8 responses to “Writing about Political Art

  • Ian Milliss

    I have enjoyed your blog this year but I think that, unfortunately, this post is an example of something that is not even wrong. From the moment you assume “art” is a meaningful or even definable category of human activity (rather than just a loose convenient catchphrase like “mission” or “pastime” or “calling”) then the discussion is doomed. It needs to be framed entirely differently.

    • Mark Holsworth

      How would you frame the question?
      “Art” is a word used to discuss the production of cultural artifacts, a type of human activity. Although art is not definable in terms of necessary characteristics there are other ways of defining a category, such as Wittgenstein’s family resemblance.
      I am assuming that art is meaningful and political as a type of human activity just as I would assume that any other human activity is meaningful and political. Can you suggest a “pastime” that is meaningless and without political implications?

  • paul beck

    interesting start. art history? like all history it depends who is writing it and who it is for. right now i see art history used as away to comfort people win they buy art and less as a reflection of the political scene. we are in a never ending war and ecomomic collaindpse. yet the majority of art i see here on the streets is self serving. look at me i can make a stencil or paste.

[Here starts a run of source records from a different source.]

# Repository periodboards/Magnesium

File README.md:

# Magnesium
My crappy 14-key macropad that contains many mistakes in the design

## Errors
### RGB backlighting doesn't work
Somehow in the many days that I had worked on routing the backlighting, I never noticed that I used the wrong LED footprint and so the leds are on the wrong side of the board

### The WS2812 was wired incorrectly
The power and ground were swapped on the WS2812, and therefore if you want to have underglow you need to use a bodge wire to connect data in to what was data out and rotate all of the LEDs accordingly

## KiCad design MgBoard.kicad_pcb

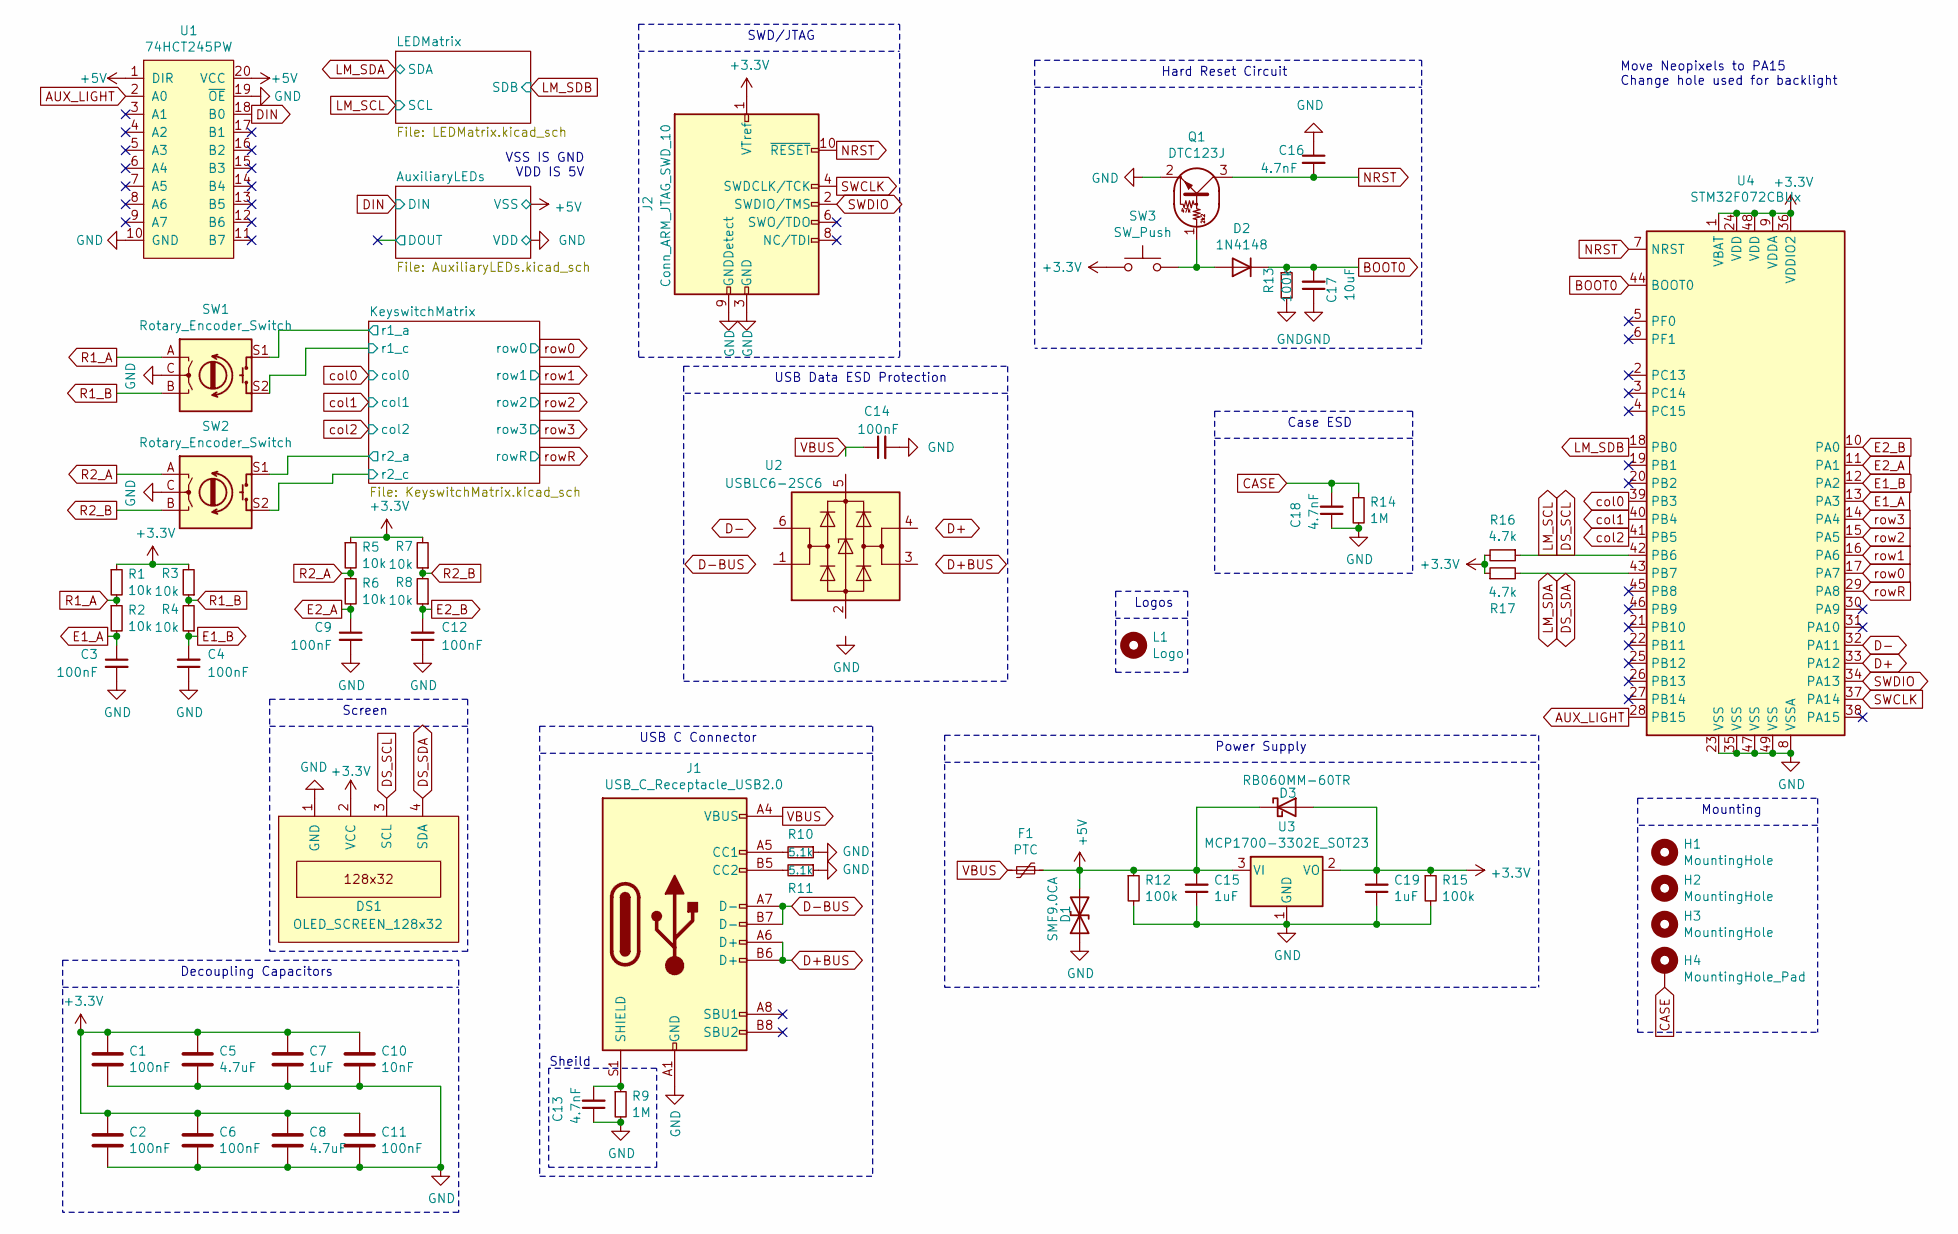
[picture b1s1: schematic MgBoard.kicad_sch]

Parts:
C1, C2, C3, C4, C6, C9, C11, C12, C14: 100nF; C_0603_1608Metric_Pad1.05x0.95mm_HandSolder
C5, C8: 4.7uF; C_0603_1608Metric_Pad1.05x0.95mm_HandSolder
C7, C15, C19: 1uF; C_0603_1608Metric_Pad1.05x0.95mm_HandSolder
C10: 10nF; C_0603_1608Metric_Pad1.05x0.95mm_HandSolder
C13, C16, C18: 4.7nF; C_0603_1608Metric_Pad1.05x0.95mm_HandSolder
C17: 10uF; C_0603_1608Metric_Pad1.05x0.95mm_HandSolder
D1: SMF9.0CA; D_SOD-123F
D2: 1N4148; D_SOD-123
D3: RB060MM-60TR; D_SOD-123F
DS1: OLED_SCREEN_128x32
F1: PTC; Fuse_1206_3216Metric_Pad1.42x1.75mm_HandSolder
H1, H2, H3: MountingHole; MountingHole_3.2mm_M3_ISO14580
H4: MountingHole_Pad; MountingHole_3.2mm_M3_ISO14580_Pad
J1: USB_C_Receptacle_USB2.0; USB_C_Receptacle_HRO_TYPE-C-31-M-12
J2: Conn_ARM_JTAG_SWD_10; PinHeader_2x05_P2.54mm_Vertical
L1: Logo; Mg
Q1: DTC123J; SOT-323_SC-70_Handsoldering
R1, R2, R3, R4, R5, R6, R7, R8: 10k; R_0603_1608Metric_Pad1.05x0.95mm_HandSolder
R9, R14: 1M; R_0603_1608Metric_Pad1.05x0.95mm_HandSolder
R10, R11: 5.1k; R_0603_1608Metric_Pad1.05x0.95mm_HandSolder
R12, R13, R15: 100k; R_0603_1608Metric_Pad1.05x0.95mm_HandSolder
R16, R17: 4.7k; R_0603_1608Metric_Pad1.05x0.95mm_HandSolder
SW1, SW2: Rotary_Encoder_Switch; RotaryEncoder_Alps_EC11E-Switch_Vertical_H20mm_1u
SW3: SW_Push; SW_SPST_SKQG_WithStem
U1: 74HCT245PW; TSSOP-20_4.4x6.5mm_P0.65mm
U2: USBLC6-2SC6; SOT-23-6_Handsoldering
U3: MCP1700-3302E_SOT23; SOT-23_Handsoldering
U4: STM32F072CBUx; QFN-48-1EP_7x7mm_P0.5mm_EP5.6x5.6mm

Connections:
+3V3: C1.1, C2.1, C5.1, C6.1, C7.1, C8.1, C10.1, C11.1, C19.2, D3.2 (A), DS1.2 (VCC), J2.1 (VTref), R1.1, R3.2, R5.1, R7.2, R15.1, R16.2, R17.1, SW3.1, U3.2 (VO), U4.1 (VBAT), U4.9 (VDDA), U4.24 (VDD), U4.36 (VDDIO2), U4.48 (VDD); also elsewhere on the board
+5V: C15.2, D1.2 (A2), D3.1 (K), F1.1, R12.1, U1.1 (DIR), U1.20 (VCC), U3.3 (VI); also elsewhere on the board
/KeyswitchMatrix/r1_c: SW1.S2; also elsewhere on the board
/KeyswitchMatrix/r2_c: SW2.S2; also elsewhere on the board
AUX_LIGHT: U1.2 (A0), U4.28 (PB15)
BOOT0: C17.2, D2.1 (K), R13.1, U4.44 (BOOT0)
CASE: C18.2, H4.1, R14.1
D+: U2.4 (I/O2), U4.33 (PA12)
D+BUS: J1.A6 (D+), J1.B6 (D+), U2.3 (I/O2)
D-: U2.6 (I/O1), U4.32 (PA11)
D-BUS: J1.A7 (D-), J1.B7 (D-), U2.1 (I/O1)
DIN: U1.18 (B0); also elsewhere on the board
DS_SCL: DS1.3 (SCL), R16.1, U4.42 (PB6); also elsewhere on the board
DS_SDA: DS1.4 (SDA), R17.2, U4.43 (PB7); also elsewhere on the board
E1_A: C3.1, R2.2, U4.13 (PA3)
E1_B: C4.2, R4.1, U4.12 (PA2)
E2_A: C9.1, R6.2, U4.11 (PA1)
E2_B: C12.2, R8.1, U4.10 (PA0)
GND: C1.2, C2.2, C3.2, C4.1, C5.2, C6.2, C7.2, C8.2, C9.2, C10.2, C11.2, C12.1, C13.1, C14.2, C15.1, C16.1, C17.1, C18.1, C19.1, D1.1 (A1), DS1.1 (GND), J1.A1 (GND), J1.A12 (GND), J1.B1 (GND), J1.B12 (GND), J2.3 (GND), J2.5 (GND), J2.9 (GNDDetect), Q1.2 (E), R9.2, R10.1, R11.1, R12.2, R13.2, R14.2, R15.2, SW1.C, SW2.C, U1.10 (GND), U1.19 (~OE), U2.2 (GND), U3.1 (GND), U4.8 (VSSA), U4.23 (VSS), U4.35 (VSS), U4.47 (VSS), U4.49 (VSS); also elsewhere on the board
LM_SDB: U4.18 (PB0); also elsewhere on the board
NRST: C16.2, J2.10 (~RESET~), Q1.3 (C), U4.7 (NRST)
unnamed: C13.2, J1.S1 (SHIELD), R9.1
unnamed: D2.2 (A), Q1.1 (B), SW3.2
unnamed: J1.A5 (CC1), R10.2
unnamed: J1.B5 (CC2), R11.2
R1_A: R1.2, R2.1, SW1.A
R1_B: R3.1, R4.2, SW1.B
R2_A: R5.2, R6.1, SW2.A
R2_B: R7.1, R8.2, SW2.B
SWCLK: J2.4 (SWDCLK/TCK), U4.37 (PA14)
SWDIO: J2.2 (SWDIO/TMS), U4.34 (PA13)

    look forward to your future writings

    http://www.planetillogica.com/paulbeck
    paul beck

    • Mark Holsworth

      Yes, art history today is used as a comfort for both the buyers and the artists. And bad art history is produced because of this demand. This poor quality art history, full of godlike superstar artists, then creates artists who aspire to nothing more than to receive that kind of attention. And this kind of artist is no help in a time of never ending war and economic collapse.

  • Ian Milliss

    It’s not that good political art is rare, it’s virtually an oxymoron. Looking for good political art is like looking for good political upholstery. “art” as conventionally understood is made up of non utilitarian artefacts sold in art galleries as decoration or as a refined form of gambling (see MONA and its origins). Obviously there are political implications to that but seeking out political imagery in it is just missing the point entirely, you may well find some political imagery but it’s only there as a way to exploit an identity segment of the market and as meaningless as the strings of pseudo english jibberish you sometimes see on chinese t shirts.

    • Mark Holsworth

      What about the artists who are aware of the political implications of the model of decoration/gambling that you describe and take action to change it? Or is it impossible to change because we are living in post-art history?

  • Ian Milliss

    Well, I have no doubt that plenty are aware but taking what action? The most effective action is to do something else. Most “artists” are actually artisans manufacturing product for the art market and most activists who are taking action that will change it probably don’t have much involvement with the art market or gallery system. And that gets nearer the real question which I suppose should be phrased something like “Where are the people trying to change our culture and how are they doing it?” Post-art history is neither here nor there really, what matters is that we are about to be living in post-human history unless we adapt our culture, particularly western style consumerist culture where “art” has become a particularly egregious form of status consumerism. If there is any history written in a few hundred years it will be about those activists who used art/communication skills to change our kamikaze culture into something sustainable, not those pandering to the art market and therefore mostly adding to the problem.

    • Mark Holsworth

      So where are the people trying to change our culture? And who are the ones trying to change our visual culture if they aren’t visual artists? If there is to be a future to human culture (visual culture included) then there will be a history of that change, if there are no change then there will be no history – that is why art history is essential to writing about political art, not the art history of the past, but the way that art history (or culture history, if you like) is now and will be written.